Spatial Transcriptomics (ST) merges the benefits of pathology images and gene expression, linking molecular profiles with tissue structure to analyze spot-level function comprehensively. Predicting gene expression from histology images is a cost-effective alternative to expensive ST technologies. However, existing methods mainly focus on spot-level image-to-gene matching but fail to leverage the full hierarchical structure of ST data, especially on the gene expression side, leading to incomplete image-gene alignment. Moreover, a challenge arises from the inherent information asymmetry: gene expression profiles contain more molecular details that may lack salient visual correlates in histological images, demanding a sophisticated representation learning approach to bridge this modality gap. We propose HyperST, a framework for ST prediction that learns multi-level image-gene representations by modeling the data's inherent hierarchy within hyperbolic space, a natural geometric setting for such structures. First, we design a Multi-Level Representation Extractors to capture both spot-level and niche-level representations from each modality, providing context-aware information beyond individual spot-level image-gene pairs. Second, a Hierarchical Hyperbolic Alignment module is introduced to unify these representations, performing spatial alignment while hierarchically structuring image and gene embeddings. This alignment strategy enriches the image representations with molecular semantics, significantly improving cross-modal prediction. HyperST achieves state-of-the-art performance on four public datasets from different tissues, paving the way for more scalable and accurate spatial transcriptomics prediction.

Paper Structure

This paper contains 32 sections, 11 equations, 4 figures, 4 tables.

Figures (4)

  • Figure 1: ST data characteristics. (a) A WSI contains hierarchical structures and visually similar patterns may correspond to different gene expression profiles. (b) Other works mainly model ST data in Euclidean Space, which neglects niche-level gene and can lead to biased biological insights. (c) Our hyperbolic approach models hierarchies based on information specificity, where a general concept (image/spot) entails its more specific, information-rich counterpart (gene/niche), enabling more informative representation learning.
  • Figure 2: Overview of HyperST. HyperST consists of three components. (a) Multi-Level Representation Extractors capture spot- and niche-level features from both images and gene expression. (b) Hierarchical Hyperbolic Alignment module projects these features into a shared hyperbolic latent space.

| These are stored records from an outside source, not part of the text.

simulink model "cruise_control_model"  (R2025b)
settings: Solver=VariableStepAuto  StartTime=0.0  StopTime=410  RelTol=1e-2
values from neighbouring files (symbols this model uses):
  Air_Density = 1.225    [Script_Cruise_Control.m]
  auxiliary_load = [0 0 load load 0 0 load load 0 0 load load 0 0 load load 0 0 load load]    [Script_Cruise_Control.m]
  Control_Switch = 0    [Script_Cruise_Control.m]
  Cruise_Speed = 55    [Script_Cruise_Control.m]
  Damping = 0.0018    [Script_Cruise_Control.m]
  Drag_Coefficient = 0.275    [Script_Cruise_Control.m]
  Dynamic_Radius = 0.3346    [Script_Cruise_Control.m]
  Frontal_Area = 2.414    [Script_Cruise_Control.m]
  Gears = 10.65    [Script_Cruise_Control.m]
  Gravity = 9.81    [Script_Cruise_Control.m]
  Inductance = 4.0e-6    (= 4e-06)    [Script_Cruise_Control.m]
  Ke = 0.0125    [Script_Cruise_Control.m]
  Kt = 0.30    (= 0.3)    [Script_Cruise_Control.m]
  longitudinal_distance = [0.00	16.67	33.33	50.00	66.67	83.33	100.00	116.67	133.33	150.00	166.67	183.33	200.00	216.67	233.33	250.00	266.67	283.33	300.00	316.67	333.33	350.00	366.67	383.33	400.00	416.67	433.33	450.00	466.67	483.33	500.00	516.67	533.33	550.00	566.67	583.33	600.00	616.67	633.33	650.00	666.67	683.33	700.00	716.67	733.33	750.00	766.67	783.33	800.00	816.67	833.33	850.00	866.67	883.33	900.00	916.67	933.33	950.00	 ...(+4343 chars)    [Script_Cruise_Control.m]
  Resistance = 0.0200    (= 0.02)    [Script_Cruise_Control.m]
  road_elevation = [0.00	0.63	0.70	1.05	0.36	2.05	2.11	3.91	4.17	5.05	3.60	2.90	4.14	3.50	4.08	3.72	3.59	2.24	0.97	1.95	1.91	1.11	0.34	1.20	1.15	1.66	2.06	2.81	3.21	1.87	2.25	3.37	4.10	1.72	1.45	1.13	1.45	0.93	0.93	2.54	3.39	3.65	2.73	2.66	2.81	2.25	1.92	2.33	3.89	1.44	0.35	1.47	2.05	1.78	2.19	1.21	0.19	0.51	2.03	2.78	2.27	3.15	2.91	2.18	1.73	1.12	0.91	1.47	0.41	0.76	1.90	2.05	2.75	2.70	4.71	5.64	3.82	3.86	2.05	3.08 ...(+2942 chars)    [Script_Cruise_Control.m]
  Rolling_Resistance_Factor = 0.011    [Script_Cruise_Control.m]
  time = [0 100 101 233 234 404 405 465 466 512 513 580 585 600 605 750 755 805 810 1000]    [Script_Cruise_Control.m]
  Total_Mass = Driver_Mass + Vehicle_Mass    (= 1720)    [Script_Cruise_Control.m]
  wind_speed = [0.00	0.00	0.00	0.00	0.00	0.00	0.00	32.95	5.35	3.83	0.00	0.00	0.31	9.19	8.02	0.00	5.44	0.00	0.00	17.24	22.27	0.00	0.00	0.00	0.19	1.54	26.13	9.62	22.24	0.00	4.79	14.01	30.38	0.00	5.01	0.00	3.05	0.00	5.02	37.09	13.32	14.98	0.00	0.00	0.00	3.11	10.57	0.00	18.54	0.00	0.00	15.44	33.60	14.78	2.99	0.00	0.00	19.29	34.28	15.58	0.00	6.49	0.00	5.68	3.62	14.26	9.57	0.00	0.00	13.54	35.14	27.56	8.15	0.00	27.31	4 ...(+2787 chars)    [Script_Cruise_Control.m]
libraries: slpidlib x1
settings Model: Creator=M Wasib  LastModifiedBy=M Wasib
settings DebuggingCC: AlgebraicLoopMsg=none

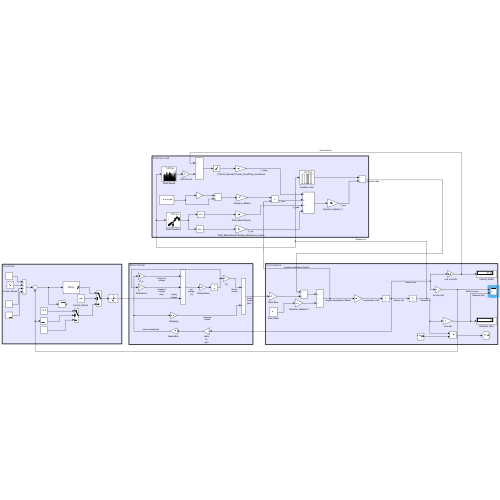
[thumbnail: Simulink's stored preview of the top-level diagram]
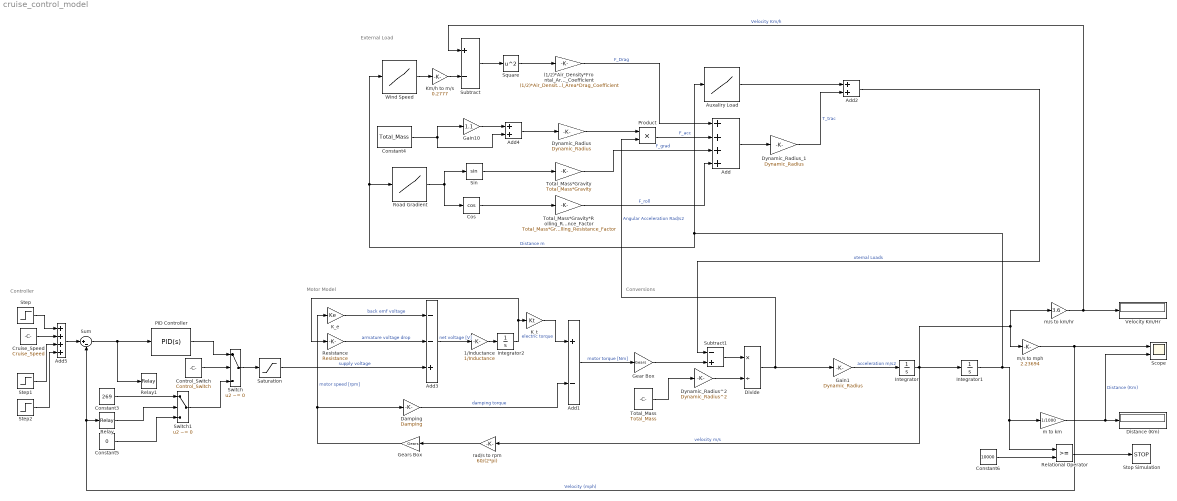
== system cruise_control_model ==
  note: Conversions
  note: External Load
  note: Controller
  note: Motor Model
  (1/2)*Air_Density*Frontal_Area*Drag_Coefficient : Gain  Gain=(1/2)*Air_Density*Frontal_Area*Drag_Coefficient
  1/Inductance : Gain  Gain=1/Inductance
  Add : Sum  Inputs=++++
  Add1 : Sum  Inputs=+-
  Add2 : Sum
  Add3 : Sum  Inputs=--+
  Add4 : Sum
  Add5 : Sum  Inputs=++++
  Auxaliry Load : Lookup_n-D  NumberOfTableDimensions=1  BreakpointsForDimension1=time  Table=auxiliary_load  InternalRulePriority=Speed  RndMeth=Simplest
  Constant3 : Constant  Value=269
  Constant4 : Constant  Value=Total_Mass
  Constant5 : Constant  Value=0
  Constant6 : Constant  Value=10000
  "Control_Switch " : Constant  Value=Control_Switch
  Cos : Trigonometry  Operator=cos
  Cruise_Speed : Constant  Value=Cruise_Speed
  Damping : Gain  Gain=Damping
  Distance (Km) : Display
  Divide : Product  Inputs=*/
  Dynamic_Radius : Gain  Gain=Dynamic_Radius
  Dynamic_Radius^2 : Gain  Gain=Dynamic_Radius^2
  Dynamic_Radius_1 : Gain  Gain=Dynamic_Radius
  Gain1 : Gain  Gain=Dynamic_Radius
  Gain10 : Gain  Gain=1.1
  Gear Box : Gain  Gain=Gears
  Gears Box : Gain  Gain=Gears
  Integrator : Integrator
  Integrator1 : Integrator
  Integrator2 : Integrator
  K_e : Gain  Gain=Ke
  K_t : Gain  Gain=Kt
  Km/h to m/s : Gain  Gain=0.2777
  PID Controller : slpidlib/PID Controller  Controller=PID  Form=Parallel  TimeDomain=Continuous-time  UseExternalTs=off  SampleTime=-1  IntegratorMethod=Forward Euler  FilterMethod=Forward Euler  ControllerParametersSource=internal  P=36.89883949  I=23.3695050  UseKiTs=off  D=0.1596060  UseExternalDerivativeSource=off  N=23.85  UseFilter=on  TunerSelectOption=Transfer Function Based (PID Tuner App)  InitialConditionSource=internal  InitialConditionForIntegrator=0  InitialConditionForFilter=0  DifferentiatorICPrevScaledInput=0  ExternalReset=none  TrackingMode=off  Kt=1  LimitOutput=on  SatLimitsSource=internal  UpperSaturationLimit=350  LowerSaturationLimit=0  LinearizeAsGain=off  AntiWindupMode=none  Kb=1  LimitIntegrator=off  UpperIntegratorSaturationLimit=inf  LowerIntegratorSaturationLimit=-inf  POutMin=[]  POutMax=[]  IOutMin=[]  IOutMax=[]  DOutMin=[]  DOutMax=[]  NOutMin=[]  NOutMax=[]  SumOutMin=[]  SumOutMax=[]  SaturationOutMin=[]  SaturationOutMax=[]  PParamMin=[]  PParamMax=[]  IParamMin=[]  IParamMax=[]  DParamMin=[]  DParamMax=[]  NParamMin=[]  NParamMax=[]  KbParamMin=[]  KbParamMax=[]  KtParamMin=[]  KtParamMax=[]  KbOutMin=[]  KbOutMax=[]  KtOutMin=[]  KtOutMax=[]  IntegratorOutMin=[]  IntegratorOutMax=[]  FilterOutMin=[]  FilterOutMax=[]  SumI1OutMin=[]  SumI1OutMax=[]  SumI2OutMin=[]  SumI2OutMax=[]  SumI3OutMin=[]  SumI3OutMax=[]  SumI4OutMin=[]  SumI4OutMax=[]  SumDOutMin=[]  SumDOutMax=[]  DifferentiatorOutMin=[]  DifferentiatorOutMax=[]  FilterDiffOutCoefMin=[]  FilterDiffOutCoefMax=[]  ReciprocalOutMin=[]  ReciprocalOutMax=[]  SumDenOutMin=[]  SumDenOutMax=[]  SumNumOutMin=[]  SumNumOutMax=[]  DivideOutMin=[]  DivideOutMax=[]  UdiffTsProdOutMin=[]  UdiffTsProdOutMax=[]  NTsProdOutMin=[]  NTsProdOutMax=[]  UintegralTsProdOutMin=[]  UintegralTsProdOutMax=[]  UngainTsProdOutMin=[]  UngainTsProdOutMax=[]  ClampingZeroOutDataTypeStr=Inherit: Inherit via back propagation  ClampingZeroOutMin=[]  ClampingZeroOutMax=[]  FilterDenConstantOutDataTypeStr=Inherit: Inherit via back propagation  FilterDenConstantOutMin=[]  FilterDenConstantOutMax=[]  PCopyOutDataTypeStr=Inherit: Inherit via back propagation  PCopyOutMin=[]  PCopyOutMax=[]  NCopyOutDataTypeStr=Inherit: Inherit via back propagation  NCopyOutMin=[]  NCopyOutMax=[]  IntegratorContinuousStateAttributes=''  IntegratorStateMustResolveToSignalObject=off  IntegratorRTWStateStorageClass=Auto  FilterContinuousStateAttributes=''  FilterStateMustResolveToSignalObject=off  FilterRTWStateStorageClass=Auto  ParallelPVariant=InternalParameters  IdealPVariant=Disabled  IVariant=InternalParameters  DVariant=InternalParameters  IntegratorVariant=Continuous  SatVariant=Enabled  AWVariant=Passthrough  PCopyVariant=Disabled  TRVariant=Disabled  FdbkBlocksVariant=Forward  IdealPFdbkVariant=Disabled  SatFdbkVariant=Disabled  DerivativeFilterVariant=ContFilter  NVariant=InternalParameters  NCopyVariant=Disabled  FilterICVariant=InternalICsFilter  IntegratorICVariant=InternalICs  ExternalResetVariant=Disabled  TRSumVariant=Passthrough  SumFdbkVariant=Disabled  SumVariant=Sum_PID  TsampFilterVariant=InternalTs  TsampNgainVariant=Passthrough  TsampIntegralVariant=Disabled_SignalSpec  ExternalSaturationOutDataTypeStr=Inherit: Same as second input  DerivativeSourceVariant=ErrorSignal  PreIntVariant=InternalPreInt
  Product : Product
  Relational Operator : RelationalOperator  OutDataTypeStr=boolean  RndMeth=Simplest  InputSameDT=off
  Relay : Relay  OnSwitchValue=55.5  OffSwitchValue=54.5  OnOutputValue=0  OffOutputValue=1
  Relay1 : Relay  OnSwitchValue=0.5  OffSwitchValue=-0.5  OnOutputValue=269
  Resistance : Gain  Gain=Resistance
  Road Gradient : Lookup_n-D  NumberOfTableDimensions=1  BreakpointsForDimension1=longitudinal_distance  Table=road_elevation  InternalRulePriority=Speed  RndMeth=Simplest
  Saturation : Saturate  UpperLimit=269  LowerLimit=0
  Scope : Scope  NumInputPorts=2
      settings: ActiveDisplayYMinimum=-6.9387508698755047  ActiveDisplayYMaximum=62.448757753373634
  Sin : Trigonometry
  Square : Math  Operator=square
  Step : Step  Time=80  After=10  SampleTime=0
  Step1 : Step  Time=160  After=15  SampleTime=0
  Step2 : Step  Time=260  After=-30  SampleTime=0
  Stop Simulation : Stop
  Subtract : Sum  Inputs=+-
  Subtract1 : Sum  Inputs=-+
  Sum : Sum  Inputs=|+-
  Switch : Switch  Criteria=u2 ~= 0  SaturateOnIntegerOverflow=off  InputSameDT=off
  Switch1 : Switch  Criteria=u2 ~= 0  SaturateOnIntegerOverflow=off  InputSameDT=off
  Total_Mass : Constant  Value=Total_Mass
  Total_Mass*Gravity : Gain  Gain=Total_Mass*Gravity
  Total_Mass*Gravity*Rolling_Resistance_Factor : Gain  Gain=Total_Mass*Gravity*Rolling_Resistance_Factor
  Velocity Km/Hr : Display
  Wind Speed : Lookup_n-D  NumberOfTableDimensions=1  BreakpointsForDimension1=longitudinal_distance  Table=wind_speed  InternalRulePriority=Speed  RndMeth=Simplest
  m to km : Gain  Gain=1/1000
  m/s to km/hr : Gain  Gain=3.6
  m/s to mph : Gain  Gain=2.23694
  rad/s to rpm : Gain  Gain=60/(2*pi)
  wires:
  Divide/1 -> Gain1/1, Product/2  "Angular Acceleration Rad/s2"
  Constant4/1 -> Gain10/1, Add4/2
  Gain10/1 -> Add4/1
  K_t/1 -> Add1/1  "electric torque"
  Subtract/1 -> Square/1
  Cos/1 -> Total_Mass*Gravity*Rolling_Resistance_Factor/1
  Add1/1 -> Gear Box/1  "motor torque [Nm]"
  Integrator/1 -> rad/s to rpm/1, Integrator1/1, m/s to mph/1, m/s to km/hr/1  "velocity m/s"
  rad/s to rpm/1 -> Gears Box/1
  Total_Mass*Gravity/1 -> Add/3  "F_grad"
  Dynamic_Radius/1 -> Product/1
  Dynamic_Radius^2/1 -> Divide/2
  Constant6/1 -> Relational Operator/2
  m to km/1 -> Scope/2, Distance (Km)/1  "Distance (Km)"
  Integrator1/1 -> m to km/1, Relational Operator/1, Wind Speed/1, Road Gradient/1, Auxaliry Load/1  "Distance m"
  Gear Box/1 -> Subtract1/2
  K_e/1 -> Add3/1  "back emf voltage"
  Total_Mass/1 -> Dynamic_Radius^2/1
  Constant5/1 -> Switch1/3
  Road Gradient/1 -> Sin/1, Cos/1
  Auxaliry Load/1 -> Add2/1
  1/Inductance/1 -> Integrator2/1
  Gears Box/1 -> Damping/1, K_e/1  "motor speed [rpm]"
  Switch/1 -> Saturation/1
  Total_Mass*Gravity*Rolling_Resistance_Factor/1 -> Add/4  "F_roll"
  PID Controller/1 -> Switch/1
  Saturation/1 -> Add3/3  "supply voltage"
  Subtract1/1 -> Divide/1
  Integrator2/1 -> Resistance/1, K_t/1
  Sin/1 -> Total_Mass*Gravity/1
  m/s to km/hr/1 -> Subtract/1, Velocity Km/Hr/1  "Velocity Km/h"
  Gain1/1 -> Integrator/1  "acceleration m/s2"
  Add3/1 -> 1/Inductance/1  "net voltage [V]"
  Constant3/1 -> Switch1/1
  Product/1 -> Add/2  "F_acc"
  Add4/1 -> Dynamic_Radius/1
  Relay/1 -> Switch1/2
  m/s to mph/1 -> Relay/1, Sum/2, Scope/1  "Velocity (mph)"
  "Control_Switch "/1 -> Switch/2
  Damping/1 -> Add1/2  "damping torque"
  (1/2)*Air_Density*Frontal_Area*Drag_Coefficient/1 -> Add/1  "F_Drag"
  Square/1 -> (1/2)*Air_Density*Frontal_Area*Drag_Coefficient/1
  Resistance/1 -> Add3/2  "armature voltage drop"
  Relational Operator/1 -> Stop Simulation/1
  Add2/1 -> Subtract1/1  "xternal Loads"
  Wind Speed/1 -> Km/h to m/s/1
  Km/h to m/s/1 -> Subtract/2
  Add/1 -> Dynamic_Radius_1/1
  Dynamic_Radius_1/1 -> Add2/2  "T_trac"
  Sum/1 -> Relay1/1, PID Controller/1
  Cruise_Speed/1 -> Add5/2
  Add5/1 -> Sum/1
  Step/1 -> Add5/1
  Step1/1 -> Add5/3
  Step2/1 -> Add5/4
  Switch1/1 -> Switch/3

It uses contrastive alignment for corresponding image-gene pairs and entailment alignment to structurally regularize the latent space according to information hierarchies. (c) Gene Decoder uses the resulting aligned and context-aware image representations to predict spot-level gene expression.
  • Figure 3: Visualization of the spatial distribution of the UMOD (Top) gene and PODXL gene (Bottom) in NCBI704 sample. The color scale ranges from purple/blue (low expression) to yellow/green (high expression).
  • Figure 4: Result of ablation study on the choice of the last layers of LoRA.